# Beaver Jointer Planer



## libra123 (Sep 25, 2011)

I recently purchased an electric beaver jointer at an auction and have no experience with this type of work.The unit is quite old Model 3477 Ser.no 3477 4 1/2 by24 3/4 cast iron table and I have no instruction manual.My questions are as follows :
1)There is an adjustment setting on each end of the split table.How should these be set ?One slightly higher than the other or perfectly flat.
2)Where can I get blades if required ?
3)Are the dificult to sharpen and install ?
4)What are these units worth ? It runs very smooth ,no rust,and has a nice heavy cast iron table.
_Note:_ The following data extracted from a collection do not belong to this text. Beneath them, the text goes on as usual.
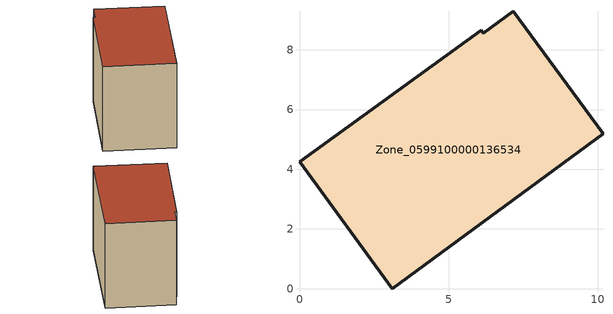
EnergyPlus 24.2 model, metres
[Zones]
Zone_0599100000136534
 floor ground (C_G): 3.1,0 0,4.25 6.09,8.66 6.16,8.56 7.17,9.29 10.17,5.19 z0
 wall outside (C_F): 10.17,5.19 7.17,9.29 6.16,8.56 6.09,8.66 0,4.25 3.1,0 10.17,5.19 z0:6.79
 roof outside (C_R): 0,4.25 3.1,0 10.17,5.19 7.17,9.29 6.16,8.56 6.09,8.66 z6.79
[BUILDING]
Pand.0599100000136534: North Axis=0; Terrain=City; Loads Convergence Tolerance Value=0.04; Temperature Convergence Tolerance Value=0.4; Solar Distribution=FullExterior; Maximum Number of Warmup Days=25; Minimum Number of Warmup Days=1
[Site:Location]
Rotterdam.The.Hague.AP_ZH_NLD Design_Conditions: Latitude=51.96; Longitude=4.45; Time Zone=1; Elevation=-4.5
[SITE:GROUNDTEMPERATURE:BUILDINGSURFACE]
18, 18, 18, 18, 18, 18, 18, 18, 18, 18, 18, 18
[MATERIAL] Thermal Absorptance=0.9; Solar Absorptance=0.7; Visible Absorptance=0.7
Name | Roughness | Thickness | Conductivity | Density | Specific Heat
G.TC.1946 | MediumSmooth | 0.15 | 1 | 540 | 1210
F.TC.1946 | Rough | 0.3 | 0.857143 | 1920 | 840
R.TC.1946 | MediumRough | 0.2 | 0.909091 | 1500 | 1000
[CONSTRUCTION]
C_G: G.TC.1946
C_F: F.TC.1946
C_R: R.TC.1946
[ZONE]
Zone_0599100000136534: Type=1; Multiplier=1; Ceiling Height=Autocalculate; Volume=Autocalculate; Floor Area=autocalculate; Part of Total Floor Area=Yes
[ZONEINFILTRATION:DESIGNFLOWRATE]
Infil_Zone_0599100000136534: Zone or ZoneList or Space or SpaceList=Zone_0599100000136534; Schedule=AlwaysOn; Design Flow Rate Calculation Method=Flow/Area; Flow Rate per Floor Area=0.003; Constant Term Coefficient=1; Temperature Term Coefficient=0; Velocity Term Coefficient=0; Velocity Squared Term Coefficient=0
[HVACTEMPLATE:ZONE:IDEALLOADSAIRSYSTEM]
Zone_0599100000136534: Maximum Heating Supply Air Temperature=50; Minimum Cooling Supply Air Temperature=13; Maximum Heating Supply Air Humidity Ratio=0.0156; Minimum Cooling Supply Air Humidity Ratio=0.0077; Heating Limit=NoLimit; Cooling Limit=NoLimit; Dehumidification Control Type=ConstantSensibleHeatRatio; Cooling Sensible Heat Ratio=0.7; Dehumidification Setpoint=60; Humidification Control Type=None; Humidification Setpoint=30; Outdoor Air Method=None; Outdoor Air Flow Rate per Person=0.00944; Outdoor Air Flow Rate per Zone Floor Area=0; Outdoor Air Flow Rate per Zone=0; Demand Controlled Ventilation Type=None; Outdoor Air Economizer Type=NoEconomizer; Heat Recovery Type=None; Sensible Heat Recovery Effectiveness=0.7; Latent Heat Recovery Effectiveness=0.65
[ZONECONTROL:THERMOSTAT]
ThermostatControl_Zone_0599100000136534: Zone or ZoneList=Zone_0599100000136534; Control Type Schedule=DualSetpointControlType; Control 1=Thermostat_Zone_0599100000136534; Temperature Difference Between Cutout And Setpoint=0
[THERMOSTATSETPOINT:DUALSETPOINT]
Thermostat_Zone_0599100000136534: Heating Setpoint Temperature Schedule=HeatingSetpoint_Zone_0599100000136534; Cooling Setpoint Temperature Schedule=CoolingSetpoint_Zone_0599100000136534
[SCHEDULE:COMPACT]
HeatingSetpoint_Zone_0599100000136534: Through: 12/31, For: AllDays, Until: 24:00, 21
CoolingSetpoint_Zone_0599100000136534: Through: 12/31, For: AllDays, Until: 24:00, 24
DualSetpointControlType: Through: 12/31, For: AllDays, Until: 24:00, 4
AlwaysOn: Through: 12/31, For: AllDays, Until: 24:00, 1

I paid $ 30.00
Any help here will be appreciated.


----------



## BrianS (Nov 7, 2004)

Hi Arne. Welcome to our little corner of the 'net.





libra123 said:


> 1)There is an adjustment setting on each end of the split table.How should these be set ?One slightly higher than the other or perfectly flat.
> 
> The outfeed side, that would be the end the motor is mounted on, is normally higher than the infeed side. Not a lot mind you, maybe a 1/16".. even that might be too much actually.
> 
> ...


----------



## Marco (Feb 21, 2009)

You got a good deal as it looks good and as you said runs smooth. For the rest of your questions this brief reading and video will cover them Using A Jointer - NewWoodworker.com LLC .... all except where to get the knives. You can likely google them up.


----------



## libra123 (Sep 25, 2011)

Thanks for all your help.Very much appreciated.
Arne


----------



## AxlMyk (Jun 13, 2006)

$30 eh? Damn. Nice catch.
It's a nice hunk of old arn. You might want to register it at VintageMachinery.org | Welcome
Go to Old Woodworking Machines • Index page for help on servicing it.


----------